**Working data:**
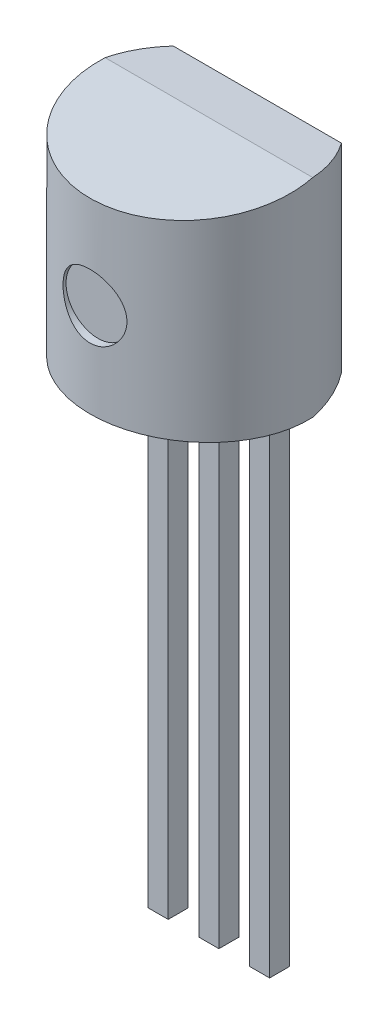
from build123d import *

# Parameters (mm, degrees)
BOSS_EXTRUDE1_DEPTH             = 2.6
SKETCH5_W                       = 11.826356456
SKETCH5_H                       = 5.621169426
CUT_EXTRUDE2_DEPTH              = 7.632050589
SKETCH6_W                       = 11.690711404
SKETCH6_H                       = 7.254613366
CUT_EXTRUDE3_DEPTH              = 5.2
SKETCH7_W                       = 0.5
SKETCH7_H                       = 0.5
BOSS_EXTRUDE2_DEPTH             = 12.7
BOSS_EXTRUDE2_DIRECTION_2_REACH = 8.542
SKETCH8_R                       = 0.8
CUT_EXTRUDE4_DEPTH              = 0.2


with BuildPart() as part:
    # Sketch2 → Boss-Extrude1 (new, symmetric)
    with BuildSketch(Plane(origin=(0, 0, 0), x_dir=(1, 0, 0), z_dir=(0, 1, 0))):
        with BuildLine():
            Line((-2.105447518, 1.212026432), (2.105447518, 1.212026432))
            ThreePointArc((2.105447518, 1.212026432), (0, -2.977973568), (-2.105447518, 1.212026432))
        make_face()
    extrude(amount=BOSS_EXTRUDE1_DEPTH, both=True)

    # Sketch5 → Cut-Extrude2 (cut, through all)
    with BuildSketch(Plane(origin=(0, 2.580250079, -0.225742631), x_dir=(1, 0, 0), z_dir=(0, 0.9961946980917455, -0.08715574274765836))):
        with Locations((0.924694538, -0.744658901)):
            Rectangle(SKETCH5_W, SKETCH5_H)
    cut_extrude2 = extrude(amount=CUT_EXTRUDE2_DEPTH, mode=Mode.SUBTRACT)

    # Sketch6 → Cut-Extrude3 (cut)
    with BuildSketch(Plane(origin=(0, 2.580250079, 0.225742631), x_dir=(1, 0, 0), z_dir=(0, 0.9961946980917467, 0.08715574274764504))):
        with Locations((0.257342704, -2.465539164)):
            Rectangle(SKETCH6_W, SKETCH6_H)
    cut_extrude3 = extrude(amount=CUT_EXTRUDE3_DEPTH, mode=Mode.SUBTRACT)

    # Mirror1: Cut-Extrude2, Cut-Extrude3 across plane
    add(cut_extrude2.mirror(Plane.ZX), mode=Mode.SUBTRACT)
    add(cut_extrude3.mirror(Plane.ZX), mode=Mode.SUBTRACT)


with BuildPart() as boss_extrude2_tool:
    # Sketch7 → Boss-Extrude2 (new body)
    with BuildSketch(Plane(origin=(0, -2.6, 0), x_dir=(-1, 0, 0), z_dir=(0, -1, 0))):
        with Locations((-1.27, 0.25)):
            Rectangle(SKETCH7_W, SKETCH7_H)
        with Locations((0, 0.25)):
            Rectangle(SKETCH7_W, SKETCH7_H)
        with Locations((1.27, 0.25)):
            Rectangle(SKETCH7_W, SKETCH7_H)
    extrude(amount=BOSS_EXTRUDE2_DEPTH)


with BuildPart() as part_1:
    add(part.part)


with BuildPart() as part_2:
    # Boss-Extrude2: joined with boss_extrude2_tool
    add(part_1.part.fuse(boss_extrude2_tool.part, tol=0.00001))

    # Sketch7 → Boss-Extrude2 direction 2 (add, up to next)
    with BuildSketch(Plane(origin=(0, -2.6, 0), x_dir=(-1, 0, 0), z_dir=(0, -1, 0)), mode=Mode.PRIVATE) as boss_extrude2_direction_2_sk1:
        with Locations((-1.27, 0.25)):
            Rectangle(SKETCH7_W, SKETCH7_H)
    boss_extrude2_direction_2_tool1 = extrude(boss_extrude2_direction_2_sk1.sketch, amount=-BOSS_EXTRUDE2_DIRECTION_2_REACH, mode=Mode.PRIVATE) - part_2.part
    # Sketch7 → Boss-Extrude2 direction 2 (add, up to next)
    with BuildSketch(Plane(origin=(0, -2.6, 0), x_dir=(-1, 0, 0), z_dir=(0, -1, 0)), mode=Mode.PRIVATE) as boss_extrude2_direction_2_sk2:
        with Locations((0, 0.25)):
            Rectangle(SKETCH7_W, SKETCH7_H)
    boss_extrude2_direction_2_tool2 = extrude(boss_extrude2_direction_2_sk2.sketch, amount=-BOSS_EXTRUDE2_DIRECTION_2_REACH, mode=Mode.PRIVATE) - part_2.part
    # Sketch7 → Boss-Extrude2 direction 2 (add, up to next)
    with BuildSketch(Plane(origin=(0, -2.6, 0), x_dir=(-1, 0, 0), z_dir=(0, -1, 0)), mode=Mode.PRIVATE) as boss_extrude2_direction_2_sk3:
        with Locations((1.27, 0.25)):
            Rectangle(SKETCH7_W, SKETCH7_H)
    boss_extrude2_direction_2_tool3 = extrude(boss_extrude2_direction_2_sk3.sketch, amount=-BOSS_EXTRUDE2_DIRECTION_2_REACH, mode=Mode.PRIVATE) - part_2.part
    add(boss_extrude2_direction_2_tool1.solids().sort_by_distance((1.27, -2.6, -0.25))[0])
    add(boss_extrude2_direction_2_tool2.solids().sort_by_distance((0, -2.6, -0.25))[0])
    add(boss_extrude2_direction_2_tool3.solids().sort_by_distance((-1.27, -2.6, -0.25))[0])

    # Sketch8 → Cut-Extrude4 (cut)
    with BuildSketch(Plane.XY.offset(2.977973568)):
        Circle(SKETCH8_R)
    extrude(amount=-CUT_EXTRUDE4_DEPTH, mode=Mode.SUBTRACT)


solid = part_2.part

**Work to complete:**
Write out the data in full and exactly as given, though without the images.

**Response area:**
from build123d import *

# Parameters (mm, degrees)
BOSS_EXTRUDE1_DEPTH             = 2.6
SKETCH5_W                       = 11.826356456
SKETCH5_H                       = 5.621169426
CUT_EXTRUDE2_DEPTH              = 7.632050589
SKETCH6_W                       = 11.690711404
SKETCH6_H                       = 7.254613366
CUT_EXTRUDE3_DEPTH              = 5.2
SKETCH7_W                       = 0.5
SKETCH7_H                       = 0.5
BOSS_EXTRUDE2_DEPTH             = 12.7
BOSS_EXTRUDE2_DIRECTION_2_REACH = 8.542
SKETCH8_R                       = 0.8
CUT_EXTRUDE4_DEPTH              = 0.2


with BuildPart() as part:
    # Sketch2 → Boss-Extrude1 (new, symmetric)
    with BuildSketch(Plane(origin=(0, 0, 0), x_dir=(1, 0, 0), z_dir=(0, 1, 0))):
        with BuildLine():
            Line((-2.105447518, 1.212026432), (2.105447518, 1.212026432))
            ThreePointArc((2.105447518, 1.212026432), (0, -2.977973568), (-2.105447518, 1.212026432))
        make_face()
    extrude(amount=BOSS_EXTRUDE1_DEPTH, both=True)

    # Sketch5 → Cut-Extrude2 (cut, through all)
    with BuildSketch(Plane(origin=(0, 2.580250079, -0.225742631), x_dir=(1, 0, 0), z_dir=(0, 0.9961946980917455, -0.08715574274765836))):
        with Locations((0.924694538, -0.744658901)):
            Rectangle(SKETCH5_W, SKETCH5_H)
    cut_extrude2 = extrude(amount=CUT_EXTRUDE2_DEPTH, mode=Mode.SUBTRACT)

    # Sketch6 → Cut-Extrude3 (cut)
    with BuildSketch(Plane(origin=(0, 2.580250079, 0.225742631), x_dir=(1, 0, 0), z_dir=(0, 0.9961946980917467, 0.08715574274764504))):
        with Locations((0.257342704, -2.465539164)):
            Rectangle(SKETCH6_W, SKETCH6_H)
    cut_extrude3 = extrude(amount=CUT_EXTRUDE3_DEPTH, mode=Mode.SUBTRACT)

    # Mirror1: Cut-Extrude2, Cut-Extrude3 across plane
    add(cut_extrude2.mirror(Plane.ZX), mode=Mode.SUBTRACT)
    add(cut_extrude3.mirror(Plane.ZX), mode=Mode.SUBTRACT)


with BuildPart() as boss_extrude2_tool:
    # Sketch7 → Boss-Extrude2 (new body)
    with BuildSketch(Plane(origin=(0, -2.6, 0), x_dir=(-1, 0, 0), z_dir=(0, -1, 0))):
        with Locations((-1.27, 0.25)):
            Rectangle(SKETCH7_W, SKETCH7_H)
        with Locations((0, 0.25)):
            Rectangle(SKETCH7_W, SKETCH7_H)
        with Locations((1.27, 0.25)):
            Rectangle(SKETCH7_W, SKETCH7_H)
    extrude(amount=BOSS_EXTRUDE2_DEPTH)


with BuildPart() as part_1:
    add(part.part)


with BuildPart() as part_2:
    # Boss-Extrude2: joined with boss_extrude2_tool
    add(part_1.part.fuse(boss_extrude2_tool.part, tol=0.00001))

    # Sketch7 → Boss-Extrude2 direction 2 (add, up to next)
    with BuildSketch(Plane(origin=(0, -2.6, 0), x_dir=(-1, 0, 0), z_dir=(0, -1, 0)), mode=Mode.PRIVATE) as boss_extrude2_direction_2_sk1:
        with Locations((-1.27, 0.25)):
            Rectangle(SKETCH7_W, SKETCH7_H)
    boss_extrude2_direction_2_tool1 = extrude(boss_extrude2_direction_2_sk1.sketch, amount=-BOSS_EXTRUDE2_DIRECTION_2_REACH, mode=Mode.PRIVATE) - part_2.part
    # Sketch7 → Boss-Extrude2 direction 2 (add, up to next)
    with BuildSketch(Plane(origin=(0, -2.6, 0), x_dir=(-1, 0, 0), z_dir=(0, -1, 0)), mode=Mode.PRIVATE) as boss_extrude2_direction_2_sk2:
        with Locations((0, 0.25)):
            Rectangle(SKETCH7_W, SKETCH7_H)
    boss_extrude2_direction_2_tool2 = extrude(boss_extrude2_direction_2_sk2.sketch, amount=-BOSS_EXTRUDE2_DIRECTION_2_REACH, mode=Mode.PRIVATE) - part_2.part
    # Sketch7 → Boss-Extrude2 direction 2 (add, up to next)
    with BuildSketch(Plane(origin=(0, -2.6, 0), x_dir=(-1, 0, 0), z_dir=(0, -1, 0)), mode=Mode.PRIVATE) as boss_extrude2_direction_2_sk3:
        with Locations((1.27, 0.25)):
            Rectangle(SKETCH7_W, SKETCH7_H)
    boss_extrude2_direction_2_tool3 = extrude(boss_extrude2_direction_2_sk3.sketch, amount=-BOSS_EXTRUDE2_DIRECTION_2_REACH, mode=Mode.PRIVATE) - part_2.part
    add(boss_extrude2_direction_2_tool1.solids().sort_by_distance((1.27, -2.6, -0.25))[0])
    add(boss_extrude2_direction_2_tool2.solids().sort_by_distance((0, -2.6, -0.25))[0])
    add(boss_extrude2_direction_2_tool3.solids().sort_by_distance((-1.27, -2.6, -0.25))[0])

    # Sketch8 → Cut-Extrude4 (cut)
    with BuildSketch(Plane.XY.offset(2.977973568)):
        Circle(SKETCH8_R)
    extrude(amount=-CUT_EXTRUDE4_DEPTH, mode=Mode.SUBTRACT)


solid = part_2.part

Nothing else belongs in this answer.